----- INPUT MATERIAL -----

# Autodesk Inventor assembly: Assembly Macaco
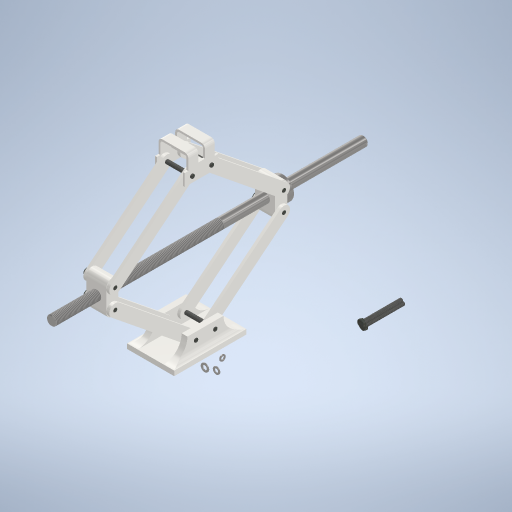
[picture p0: Inventor's stored thumbnail of the model, 512x512]
Saved by Autodesk Inventor 2024 (Build 280153000, 153)
## iProperties
Created: 2024-06-01
Part Number: Assembly Macaco
Document SubType Name: Assembly
Designer: Pedro
d10: 0,000 mm
w_Braço: 12,000 mm
Author: Pedro
## Documents named in this file (20)
- C:\Users\Pedro\Desktop\Autodesk Inbentor\Projeto\Assembly Macaco.iam
- C:\Users\Pedro\Desktop\Autodesk Inbentor\Projeto\Base Macaco.ipt
- C:\Users\Pedro\Desktop\Autodesk Inbentor\Projeto\Braço Macaco.ipt
- C:\Users\Pedro\Desktop\Autodesk Inbentor\Projeto\Junção Fuso.ipt
- C:\Users\Pedro\Desktop\Autodesk Inbentor\Projeto\Encaixe Macaco.ipt
- C:\Users\Pedro\Documents\Inventor\Content Center Files\R2024\en-US\DIN 615\DIN 615 - E 20 - 20 x 47 x 12.ipt
- C:\Users\Pedro\Desktop\Autodesk Inbentor\Projeto\DIN 427 - M20 x 650.ipt
- C:\Users\Pedro\Documents\Inventor\Content Center Files\R2024\en-US\ISO 4018\ISO 4018 - M8 x 80.ipt
- C:\Users\Pedro\Desktop\Autodesk Inbentor\Projeto\ISO 4018 - M8 x 80.ipt
- C:\Users\Pedro\Documents\Inventor\Content Center Files\R2024\en-US\ISO 4018\ISO 4018 - M8 x 55.ipt
- C:\Users\Pedro\Documents\Inventor\Content Center Files\R2024\en-US\ISO 7089\ISO 7089 - 6 - 140 HV(1).ipt
- C:\Users\Pedro\Documents\Inventor\Content Center Files\R2024\en-US\DIN 126\DIN 126 - 9.ipt
- C:\Users\Pedro\Documents\Inventor\Content Center Files\R2024\en-US\DIN 126\DIN 126 - 7,6.ipt
- C:\Users\Pedro\Documents\Inventor\Content Center Files\R2024\en-US\ISO 4018\ISO 4018 - M8 x 65.ipt
- C:\Users\Pedro\Desktop\Autodesk Inbentor\Projeto\Assembly Macaco\AIP\FEA\epzg9a0f4.fins
- C:\Users\Pedro\Desktop\Autodesk Inbentor\Projeto\Assembly Macaco\AIP\FEA\epzg9a0g0.fsat
- C:\Users\Pedro\Desktop\Autodesk Inbentor\Projeto\Assembly Macaco\AIP\FEA\epzg9a0g0.ftes
- C:\Users\Pedro\Desktop\Autodesk Inbentor\Projeto\Assembly Macaco\AIP\FEA\epzg9a0g0.fwiz
- C:\Users\Pedro\Desktop\Autodesk Inbentor\Projeto\Assembly Macaco\AIP\FEA\epzg9a0m8.fmsh
- C:\Users\Pedro\Desktop\Autodesk Inbentor\Projeto\Assembly Macaco\AIP\FEA\epzg9a0m9.fres
## Components (27 placed, 13 different names)
1. Base Macaco:1 — Insert:5, Insert:6, Insert:7, Insert:33, Angle:2, Angle:3, Mate:14, Insert:51, Insert:52
2. Braço Macaco:2 — Insert:5, Insert:9
3. Braço Macaco:3 — Insert:6, Insert:10, Insert:55
4. Braço Macaco:4 — Insert:7, Insert:53, Insert:59
5. Junção Fuso:1 — Insert:9, Insert:14, Insert:15, Angle:1, Mate:2, Mate:8, Insert:59
6. Junção Fuso:2 — Insert:10, Angle:1, Angle:2, Mate:2, Mate:4, Mate:6, Mate:7, Insert:41, Insert:42
7. Braço Macaco:5 — Insert:31, Mate:7
8. Braço Macaco:6 — Insert:14, Insert:32
9. Braço Macaco:7 — Mate:6, Insert:46, Insert:56
10. Braço Macaco:8 — Insert:15, Insert:50, Insert:54
11. Encaixe Macaco:1 — Insert:31, Insert:32, Angle:3, Insert:46, Insert:50, Mate:14, Insert:57, Insert:58
12. Braço Macaco:9 — Insert:33, Mate:4
13. DIN 615 E 20 - 20 x 47 x 12:1 — Insert:42
14. DIN 427 - M20 x 650:1 — Insert:41, Mate:8
15. ISO 4018 - M8 x 80:3
16. ISO 4018 - M8 x 80:4
17. ISO 4018 M8 x 80:1 — Insert:51
18. ISO 7089 6:1
19. DIN 126 9:1
20. DIN 126 7,6:1
21. ISO 4018 M8 x 80:2 — Insert:52
22. ISO 4018 M8 x 55:1 — Insert:53
23. ISO 4018 M8 x 55:2 — Insert:54
24. ISO 4018 M8 x 55:5 — Insert:55
25. ISO 4018 M8 x 55:6 — Insert:56
26. ISO 4018 M8 x 65:1 — Insert:57
27. ISO 4018 M8 x 65:2 — Insert:58
## Relationships (32: Insert 23, Mate 6, Angle 3)
- Insert:5: Base Macaco:1 ↔ Braço Macaco:2
- Insert:6: Base Macaco:1 ↔ Braço Macaco:3
- Insert:7: Base Macaco:1 ↔ Braço Macaco:4
- Insert:9: Braço Macaco:2 ↔ Junção Fuso:1
- Insert:10: Braço Macaco:3 ↔ Junção Fuso:2
- Insert:14: Junção Fuso:1 ↔ Braço Macaco:6
- Insert:15: Junção Fuso:1 ↔ Braço Macaco:8
- Insert:31: Braço Macaco:5 ↔ Encaixe Macaco:1
- Insert:32: Braço Macaco:6 ↔ Encaixe Macaco:1
- Insert:33: Base Macaco:1 ↔ Braço Macaco:9
- Angle:1 (180 deg): Junção Fuso:1 ↔ Junção Fuso:2
- Angle:2 (0 deg): Base Macaco:1 ↔ Junção Fuso:2
- Mate:2 (252.272 mm): Junção Fuso:1 ↔ Junção Fuso:2
- Mate:4: Junção Fuso:2 ↔ Braço Macaco:9
- Mate:6: Junção Fuso:2 ↔ Braço Macaco:7
- Mate:7: Junção Fuso:2 ↔ Braço Macaco:5
- Insert:41 (-175 mm): Junção Fuso:2 ↔ DIN 427 - M20 x 650:1
- Mate:8: Junção Fuso:1 ↔ DIN 427 - M20 x 650:1
- Insert:42: Junção Fuso:2 ↔ DIN 615 E 20 - 20 x 47 x 12:1
- Angle:3 (0 deg): Base Macaco:1 ↔ Encaixe Macaco:1
- Insert:46: Braço Macaco:7 ↔ Encaixe Macaco:1
- Insert:50: Braço Macaco:8 ↔ Encaixe Macaco:1
- Mate:14 (262.575 mm): Base Macaco:1 ↔ Encaixe Macaco:1
- Insert:51: Base Macaco:1 ↔ ISO 4018 M8 x 80:1
- Insert:52: Base Macaco:1 ↔ ISO 4018 M8 x 80:2
- Insert:53: Braço Macaco:4 ↔ ISO 4018 M8 x 55:1
- Insert:54: Braço Macaco:8 ↔ ISO 4018 M8 x 55:2
- Insert:55: Braço Macaco:3 ↔ ISO 4018 M8 x 55:5
- Insert:56: Braço Macaco:7 ↔ ISO 4018 M8 x 55:6
- Insert:57: Encaixe Macaco:1 ↔ ISO 4018 M8 x 65:1
- Insert:58: Encaixe Macaco:1 ↔ ISO 4018 M8 x 65:2
- Insert:59: Braço Macaco:4 ↔ Junção Fuso:1
## Named parameters: sa_0 = 1962
note: some values were not read from the file. Shown as the stored number, unit unknown: "sa_0".

-----

## REQUIRED ACTION
List every line above that holds the word "Content".

## TASK RESULT
- C:\Users\Pedro\Documents\Inventor\Content Center Files\R2024\en-US\DIN 615\DIN 615 - E 20 - 20 x 47 x 12.ipt
- C:\Users\Pedro\Documents\Inventor\Content Center Files\R2024\en-US\ISO 4018\ISO 4018 - M8 x 80.ipt
- C:\Users\Pedro\Documents\Inventor\Content Center Files\R2024\en-US\ISO 4018\ISO 4018 - M8 x 55.ipt
- C:\Users\Pedro\Documents\Inventor\Content Center Files\R2024\en-US\ISO 7089\ISO 7089 - 6 - 140 HV(1).ipt
- C:\Users\Pedro\Documents\Inventor\Content Center Files\R2024\en-US\DIN 126\DIN 126 - 9.ipt
- C:\Users\Pedro\Documents\Inventor\Content Center Files\R2024\en-US\DIN 126\DIN 126 - 7,6.ipt
- C:\Users\Pedro\Documents\Inventor\Content Center Files\R2024\en-US\ISO 4018\ISO 4018 - M8 x 65.ipt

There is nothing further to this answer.